Seit sie neun Jahre alt ist, spielt Theresa Jäschke Posaune. Foto: Gottfried Stoppel

Theresa Jäschke posiert mit ihrer Posaune für den Blasmusikkalender 2017. Sie will damit zeigen, dass die Blasmusik nicht nur aus Polka und Märschen besteht, sondern auch jung und modern daher kommen kann.

Schwaikheim - Natürlich fällt einem sofort der Kalender eines bekannten Motorsägenherstellers ein. Damen, die eher knapp bekleidet mit verschiedenen Gartengeräten posieren. Ob sie diese vor dem Fotoshooting schon einmal in der Hand hatten, darf bezweifelt werden. Bei den Models des Blasmusikkalenders 2017 sieht das etwas anders aus. „Wir alle spielen unsere Instrumente schon seit vielen Jahren“, erzählt Theresa Jäschke. Und bei der Präsentation des Kalenders hätten alle Models zusammen auf der Bühne musiziert – ohne eine einzige Probe. „Das war wirklich toll“, sagt Mama Birgit Jäschke.

Sich in einem Musikverein zu engagieren und die Blasmusik zu pflegen, sei im Casting wichtiger gewesen als die körperlichen Maße. „Wobei es dieses Jahr echt hübsche Mädels sind“, sagt die Schwaikheimerin, die man da ruhig dazuzählen darf. Zu ihrem attraktiven Äußeren kommt die innere Verbundenheit zur Blasmusik. „Der Opa hat mir eine kleine Posaune in die Hand gedrückt, als ich neun Jahre alt war“, erzählt die Schwaikheimerin.

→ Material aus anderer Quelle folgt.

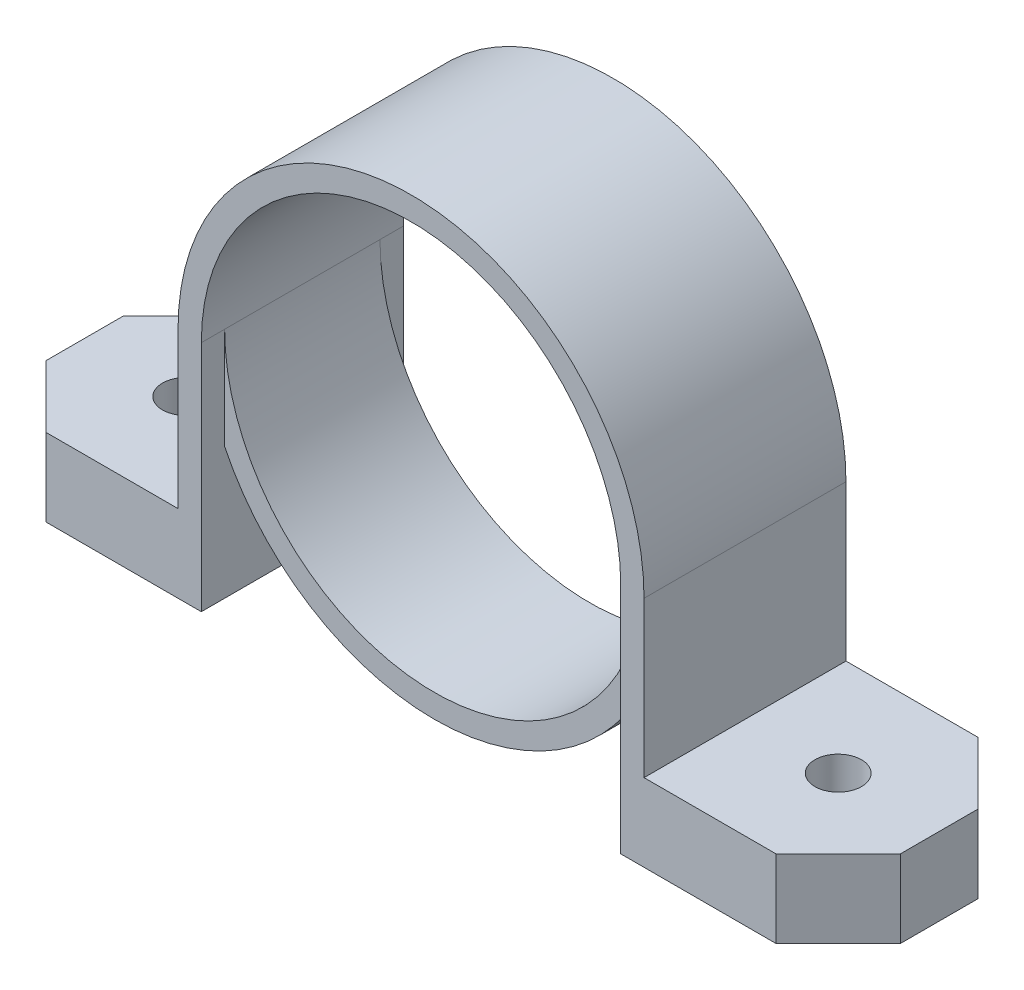
ISO-10303-21;
HEADER;
FILE_DESCRIPTION(('STEP AP214'),'2;1');
FILE_NAME('part.step','',(''),(''),'','','');
FILE_SCHEMA(('AUTOMOTIVE_DESIGN { 1 0 10303 214 1 1 1 1 }'));
ENDSEC;
DATA;
#1=APPLICATION_CONTEXT('core data for automotive mechanical design processes');
#2=APPLICATION_PROTOCOL_DEFINITION('international standard','automotive_design',2000,#1);
#3=PRODUCT_CONTEXT('',#1,'mechanical');
#4=PRODUCT('Part','Part','',(#3));
#5=PRODUCT_RELATED_PRODUCT_CATEGORY('part','',(#4));
#6=PRODUCT_DEFINITION_FORMATION('','',#4);
#7=PRODUCT_DEFINITION_CONTEXT('part definition',#1,'design');
#8=PRODUCT_DEFINITION('design','',#6,#7);
#9=PRODUCT_DEFINITION_SHAPE('','',#8);
#10=(LENGTH_UNIT() NAMED_UNIT(*) SI_UNIT(.MILLI.,.METRE.));
#11=(NAMED_UNIT(*) PLANE_ANGLE_UNIT() SI_UNIT($,.RADIAN.));
#12=(NAMED_UNIT(*) SI_UNIT($,.STERADIAN.) SOLID_ANGLE_UNIT());
#13=UNCERTAINTY_MEASURE_WITH_UNIT(LENGTH_MEASURE(1.E-05),#10,'distance_accuracy_value','');
#14=(GEOMETRIC_REPRESENTATION_CONTEXT(3) GLOBAL_UNCERTAINTY_ASSIGNED_CONTEXT((#13)) GLOBAL_UNIT_ASSIGNED_CONTEXT((#10,
#11,#12)) REPRESENTATION_CONTEXT('',''));
#15=CARTESIAN_POINT('',(0.,0.,0.));
#16=DIRECTION('',(0.,0.,1.));
#17=DIRECTION('',(1.,0.,0.));
#18=AXIS2_PLACEMENT_3D('',#15,#16,#17);
#19=CARTESIAN_POINT('',(0.,0.,-5.));
#20=DIRECTION('',(0.,0.,1.));
#21=DIRECTION('',(1.,0.,0.));
#22=AXIS2_PLACEMENT_3D('',#19,#20,#21);
#23=CYLINDRICAL_SURFACE('',#22,15.);
#24=DIRECTION('',(0.,0.,1.));
#25=VECTOR('',#24,1.);
#26=CARTESIAN_POINT('',(13.5,-6.53834841531101,-5.));
#27=LINE('',#26,#25);
#28=CARTESIAN_POINT('',(13.5,-6.53834841531101,-5.));
#29=VERTEX_POINT('',#28);
#30=CARTESIAN_POINT('',(13.5,-6.53834841531101,5.));
#31=VERTEX_POINT('',#30);
#32=EDGE_CURVE('E56',#29,#31,#27,.T.);
#33=ORIENTED_EDGE('',*,*,#32,.T.);
#34=CARTESIAN_POINT('',(0.,0.,5.));
#35=DIRECTION('',(0.,0.,1.));
#36=DIRECTION('',(1.,0.,0.));
#37=AXIS2_PLACEMENT_3D('',#34,#35,#36);
#38=CIRCLE('',#37,15.);
#39=CARTESIAN_POINT('',(-13.5,-6.53834841531101,5.));
#40=VERTEX_POINT('',#39);
#41=EDGE_CURVE('E93',#40,#31,#38,.T.);
#42=ORIENTED_EDGE('',*,*,#41,.F.);
#43=DIRECTION('',(0.,0.,1.));
#44=VECTOR('',#43,1.);
#45=CARTESIAN_POINT('',(-13.5,-6.53834841531101,-5.));
#46=LINE('',#45,#44);
#47=CARTESIAN_POINT('',(-13.5,-6.53834841531101,-5.));
#48=VERTEX_POINT('',#47);
#49=EDGE_CURVE('E12',#48,#40,#46,.T.);
#50=ORIENTED_EDGE('',*,*,#49,.F.);
#51=CARTESIAN_POINT('',(0.,0.,-5.));
#52=DIRECTION('',(0.,0.,1.));
#53=DIRECTION('',(1.,0.,0.));
#54=AXIS2_PLACEMENT_3D('',#51,#52,#53);
#55=CIRCLE('',#54,15.);
#56=EDGE_CURVE('E95',#48,#29,#55,.T.);
#57=ORIENTED_EDGE('',*,*,#56,.T.);
#58=EDGE_LOOP('',(#33,#42,#50,#57));
#59=FACE_BOUND('',#58,.T.);
#60=ADVANCED_FACE('F53',(#59),#23,.T.);
#61=CARTESIAN_POINT('',(-13.5,0.,-5.));
#62=DIRECTION('',(1.,0.,0.));
#63=DIRECTION('',(0.,1.,0.));
#64=AXIS2_PLACEMENT_3D('',#61,#62,#63);
#65=PLANE('',#64);
#66=ORIENTED_EDGE('',*,*,#49,.T.);
#67=DIRECTION('',(0.,1.,0.));
#68=VECTOR('',#67,1.);
#69=CARTESIAN_POINT('',(-13.5,0.,5.));
#70=LINE('',#69,#68);
#71=CARTESIAN_POINT('',(-13.5,0.,5.));
#72=VERTEX_POINT('',#71);
#73=EDGE_CURVE('E111',#40,#72,#70,.T.);
#74=ORIENTED_EDGE('',*,*,#73,.T.);
#75=DIRECTION('',(0.,0.,1.));
#76=VECTOR('',#75,1.);
#77=CARTESIAN_POINT('',(-13.5,0.,-5.));
#78=LINE('',#77,#76);
#79=CARTESIAN_POINT('',(-13.5,0.,-5.));
#80=VERTEX_POINT('',#79);
#81=EDGE_CURVE('E61',#80,#72,#78,.T.);
#82=ORIENTED_EDGE('',*,*,#81,.F.);
#83=DIRECTION('',(0.,1.,0.));
#84=VECTOR('',#83,1.);
#85=CARTESIAN_POINT('',(-13.5,0.,-5.));
#86=LINE('',#85,#84);
#87=EDGE_CURVE('E74',#48,#80,#86,.T.);
#88=ORIENTED_EDGE('',*,*,#87,.F.);
#89=EDGE_LOOP('',(#66,#74,#82,#88));
#90=FACE_BOUND('',#89,.T.);
#91=ADVANCED_FACE('F126',(#90),#65,.F.);
#92=CARTESIAN_POINT('',(0.,0.,-5.));
#93=DIRECTION('',(0.,0.,1.));
#94=DIRECTION('',(1.,0.,0.));
#95=AXIS2_PLACEMENT_3D('',#92,#93,#94);
#96=CYLINDRICAL_SURFACE('',#95,13.5);
#97=ORIENTED_EDGE('',*,*,#81,.T.);
#98=CARTESIAN_POINT('',(0.,0.,5.));
#99=DIRECTION('',(0.,0.,1.));
#100=DIRECTION('',(1.,0.,0.));
#101=AXIS2_PLACEMENT_3D('',#98,#99,#100);
#102=CIRCLE('',#101,13.5);
#103=CARTESIAN_POINT('',(13.5,0.,5.));
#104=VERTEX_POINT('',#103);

Auf der Suche nach interessanten Typen

Seit elf Jahren spielt sie im örtlichen Musikverein, mit ungebrochener Begeisterung für ihr Instrument. „Ich finde den Klang einfach schön. Und die Vielfalt – ich kann symphonische Stücke mitspielen, bei einer Polka, aber auch in einer Big Band“, sagt Theresa Jäschke, die es auch ganz gut findet, kein klassisches Mädcheninstrument zu spielen. „Im tiefen Blech sind wir meistens ganz wenige.“ Das sei beim Casting gut angekommen, genauso wie die Tatsache, dass Theresa Jäschke passionierte Motorradfahrerin ist. „Das Kalenderteam war schon auf der Suche nach interessanten Typen“, erzählt sie, die mit ihren roten Haaren, den Festivalbändern am Handgelenk und den Tatöwierungen auf dem Körper nicht ganz zu dem Bild passt, das man vielleicht von einem Musikvereinsmitglied hat.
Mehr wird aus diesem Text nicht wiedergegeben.